We investigate the impacts of coffee and cotton production on land management and land degradation in Uganda, based on a survey of 851 households and soil measurements in six major agro-ecological zones, using matching and multivariate regression methods. The impacts of cash crop production vary by agro-ecological zones and cropping system. In coffee producing zones, use of organic inputs is most common on plots growing coffee with other crops (mainly bananas), and least common on mono-cropped coffee. Both mono-cropped coffee and mixed coffee plots have lower soil erosion than other plots in coffee producing zones because of greater soil cover. Potassium depletion is much greater on mixed banana-coffee plots. In the cotton production zone, few land management practices or investments are used, especially on cotton plots. Soil erosion and soil nutrient depletion are lower in the cotton zone than in coffee producing zones because of flatter terrain and lower crop yields.
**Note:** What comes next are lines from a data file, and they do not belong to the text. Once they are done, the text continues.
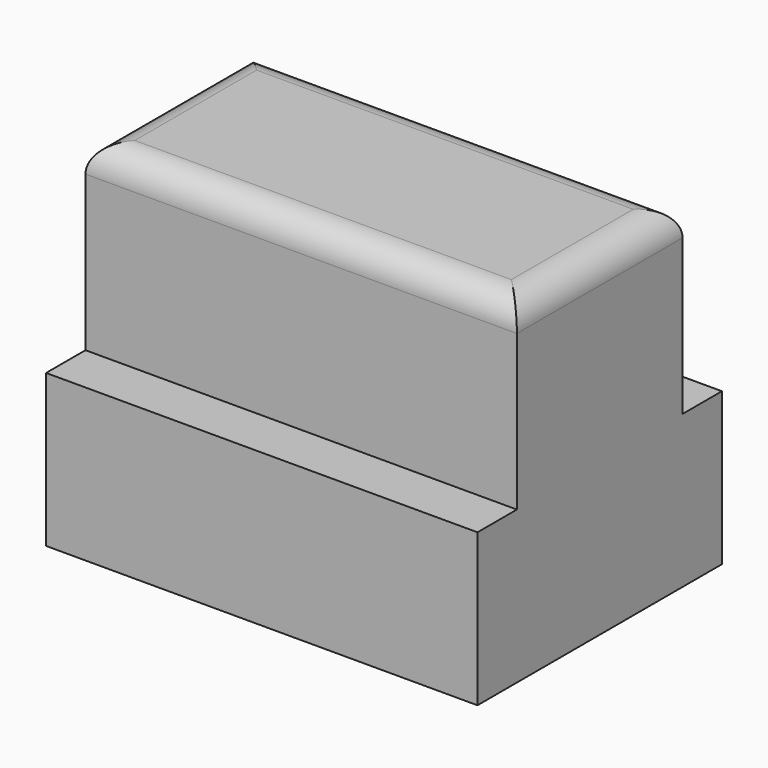
from build123d import *

# Parameters (mm, degrees)
F0_W          = 12.0142
F0_H          = 5.7658
F1_DEPTH      = 5.08
F2_W          = 12.0142
F2_H          = 8.509
F3_DEPTH      = 4.2418
F4_R          = 0.762
F6_W          = 4.1768109557
F6_H          = 2.54
F7_DEPTH      = 4.2418
F5_W          = 3.302
F5_H          = 2.54
F8_DEPTH      = 4.318
F8_DEPTH_BACK = 3.048


with BuildPart() as f1:
    # F0 (on Top) → F1 (new body)
    with BuildSketch(Plane.XY):
        Rectangle(F0_W, F0_H)
    extrude(amount=F1_DEPTH)

    # F2 (on Top) → F3 (join)
    with BuildSketch(Plane.XY):
        Rectangle(F2_W, F2_H)
    extrude(amount=-F3_DEPTH)

    # F4
    f4_edges = [f1.edges().sort_by_distance(p)[0] for p in [
        (6.0071, 0, 5.08),
        (0, 2.8829, 5.08),
        (-6.0071, 0, 5.08),
        (0, -2.8829, 5.08),
    ]]
    fillet(f4_edges, radius=F4_R)

    # F6 (on Top) → F7 (cut)
    with BuildSketch(Plane.XY):
        with Locations((-3.4931976115, 0)):
            Rectangle(F6_W, F6_H)
    extrude(amount=-F7_DEPTH, mode=Mode.SUBTRACT)

    # F5 (on Top) → F8 (cut, two sides)
    with BuildSketch(Plane.XY) as f8_sk:
        Rectangle(F5_W, F5_H)
    extrude(amount=-F8_DEPTH, mode=Mode.SUBTRACT)
    extrude(f8_sk.sketch, amount=F8_DEPTH_BACK, mode=Mode.SUBTRACT)


solid = f1.part
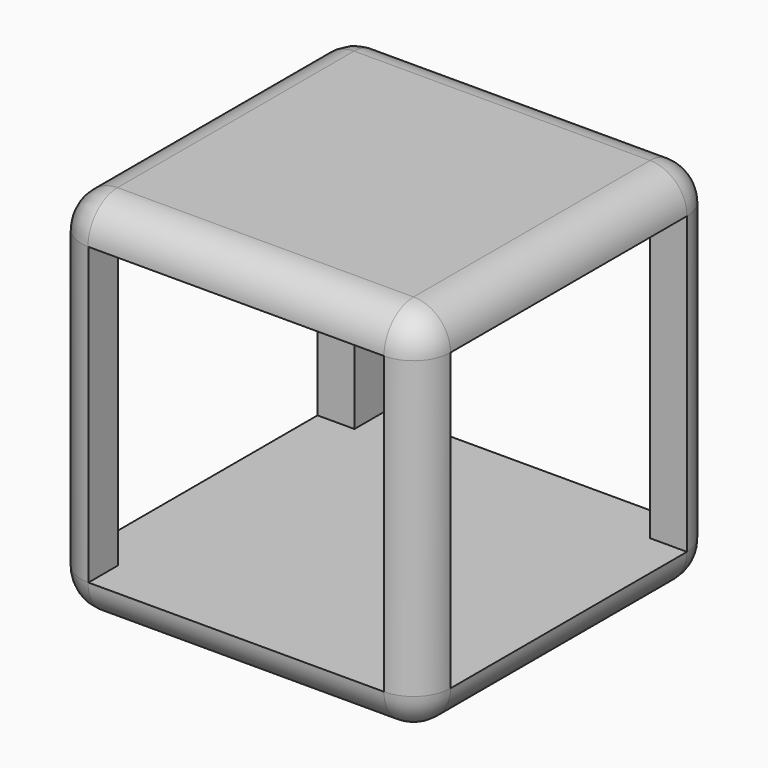
from build123d import *

# Parameters (mm, degrees)
F0_W         = 50.8
F0_H         = 50.8
F1_DEPTH     = 50.8
F2_W         = 40.64
F2_H         = 40.64
F3_DEPTH     = 50.8
F4_W         = 40.64
F4_H         = 40.64
F5_DEPTH     = 50.8
F6_R         = 5.07999
F7_T1_DEPTH  = 58.4224242529
F7_T3_DEPTH  = 58.4224242529
F7_T6_ANGLE  = 90
F7_T8_ANGLE  = 90
F7_T10_ANGLE = 90


# Not quite as in the source:
# - a fillet or chamfer that OpenCascade refuses, or shapes differently, is made with other operations: its cross-section is extruded or revolved along the edge and cut away or added
# - a fillet or chamfer is up to 0.001 mm smaller than in the source, because OpenCascade refuses the exact size


with BuildPart() as f1:
    # F0 (on Front) → F1 (new body)
    with BuildSketch(Plane.XZ):
        with Locations((25.4, 25.4)):
            Rectangle(F0_W, F0_H)
    extrude(amount=F1_DEPTH)

    # F2 (on face) → F3 (cut)
    with BuildSketch(Plane.XZ.offset(50.8)):
        with Locations((25.4, 25.4)):
            Rectangle(F2_W, F2_H)
    extrude(amount=-F3_DEPTH, mode=Mode.SUBTRACT)

    # F4 (on face) → F5 (cut)
    with BuildSketch(Plane.YZ.offset(50.8)):
        with Locations((-25.4, 25.4)):
            Rectangle(F4_W, F4_H)
    extrude(amount=-F5_DEPTH, mode=Mode.SUBTRACT)

    # F6 (radius 5.08 in the source; OpenCascade refuses exactly that, so slightly less here)
    f6_edges = [f1.edges().sort_by_distance(p)[0] for p in [
        (25.4, -50.8, 50.8),
        (50.8, -25.4, 50.8),
        (50.8, -50.8, 25.4),
        (25.4, -50.8, 0),
        (50.8, -25.4, 0),
        (25.4, 0, 0),
        (0, -25.4, 0),
        (50.8, 0, 25.4),
        (25.4, 0, 50.8),
        (0, 0, 25.4),
    ]]
    fillet(f6_edges, radius=F6_R)

    # F7: fillet of radius 5.08 on 3 edges, made by hand

    # F7_s2 → F7_t1 (cut)
    with BuildSketch(Plane.XZ):
        with BuildLine():
            ThreePointArc((-0.0004, 45.7190343146), (1.4878975516, 49.3121024484), (5.0809656854, 50.8004))
            Line((5.0809656854, 50.8004), (5.0809656854, 51.3085365685))
            ThreePointArc((5.0809656854, 51.3085365685), (2.5404828427, 51.3081365685), (0, 51.3081365685))
            Line((0, 51.3081365685), (-0.5081365685, 50.8))
            ThreePointArc((-0.5081365685, 50.8), (-0.5081365685, 48.2595171573), (-0.5085365685, 45.7190343146))
            Line((-0.5085365685, 45.7190343146), (-0.0004, 45.7190343146))
        make_face()
    extrude(amount=F7_T1_DEPTH, mode=Mode.SUBTRACT)

    # F7_s4 → F7_t3 (cut)
    with BuildSketch(Plane.XY):
        with BuildLine():
            ThreePointArc((-0.0004, -45.7190343146), (1.4878975516, -49.3121024484), (5.0809656854, -50.8004))
            Line((5.0809656854, -50.8004), (5.0809656854, -51.3085365685))
            ThreePointArc((5.0809656854, -51.3085365685), (2.5404828427, -51.3081365685), (0, -51.3081365685))
            Line((0, -51.3081365685), (-0.5081365685, -50.8))
            ThreePointArc((-0.5081365685, -50.8), (-0.5081365685, -48.2595171573), (-0.5085365685, -45.7190343146))
            Line((-0.5085365685, -45.7190343146), (-0.0004, -45.7190343146))
        make_face()
    extrude(amount=F7_T3_DEPTH, mode=Mode.SUBTRACT)

    # F7_s5 → F7_t6 (revolve, cut)
    with BuildSketch(Plane.YZ.offset(5.0809656854)):
        with BuildLine():
            ThreePointArc((-45.72041, 0), (-49.3125053774, 1.4878946226), (-50.8004, 5.07999))
            Line((-50.8004, 5.07999), (-50.8004, 0))
            Line((-50.8004, 0), (-45.72041, 0))
        make_face()
    revolve(axis=Axis((5.0809656854, -45.7190343146, 0), (0, 0, -1)), revolution_arc=F7_T6_ANGLE, mode=Mode.SUBTRACT)

    # F7_s7 → F7_t8 (revolve, cut)
    with BuildSketch(Plane.XY.offset(45.7190343146)):
        with BuildLine():
            ThreePointArc((5.07959, 0), (1.4874946226, -1.4878946226), (-0.0004, -5.07999))
            Line((-0.0004, -5.07999), (-0.0004, 0))
            Line((-0.0004, 0), (5.07959, 0))
        make_face()
    revolve(axis=Axis((5.0809656854, 0, 45.7190343146), (0, 1, 0)), revolution_arc=F7_T8_ANGLE, mode=Mode.SUBTRACT)

    # F7_s9 → F7_t10 (revolve, cut)
    with BuildSketch(Plane.XZ.offset(45.72001)):
        with BuildLine():
            ThreePointArc((-0.0003999063, 45.72001), (1.488242525, 49.3124473888), (5.0809656854, 50.8004))
            Line((5.0809656854, 50.8004), (5.0809656854, 51.3085365685))
            ThreePointArc((5.0809656854, 51.3085365685), (2.5404828427, 51.3081365685), (0, 51.3081365685))
            Line((0, 51.3081365685), (-0.5081365685, 50.8))
            Line((-0.5081365685, 50.8), (-0.5085364917, 45.72001))
            Line((-0.5085364917, 45.72001), (-0.0003999063, 45.72001))
        make_face()
    revolve(axis=Axis((0, -45.72001, 45.72001), (1, 0, 0)), revolution_arc=F7_T10_ANGLE, mode=Mode.SUBTRACT)


solid = f1.part

Soil erosion is much higher on cotton than non-cotton plots in this zone. These results imply that promotion of cash crop production will not halt land degradation, and in some cases will worsen it, unless substantial efforts are made to promote adoption of sustainable land management practices.

Suggested Citation

  • Pender, John L. & Nkonya, Ephraim M. & Kato, Edward & Kaizzi, Crammer & Ssali, Henry, 2009. "Impacts of Cash Crop Production on Land Management and Land Degradation: The Case of Coffee and Cotton in Uganda," 2009 Conference, August 16-22, 2009, Beijing, China 50760, International Association of Agricultural Economists.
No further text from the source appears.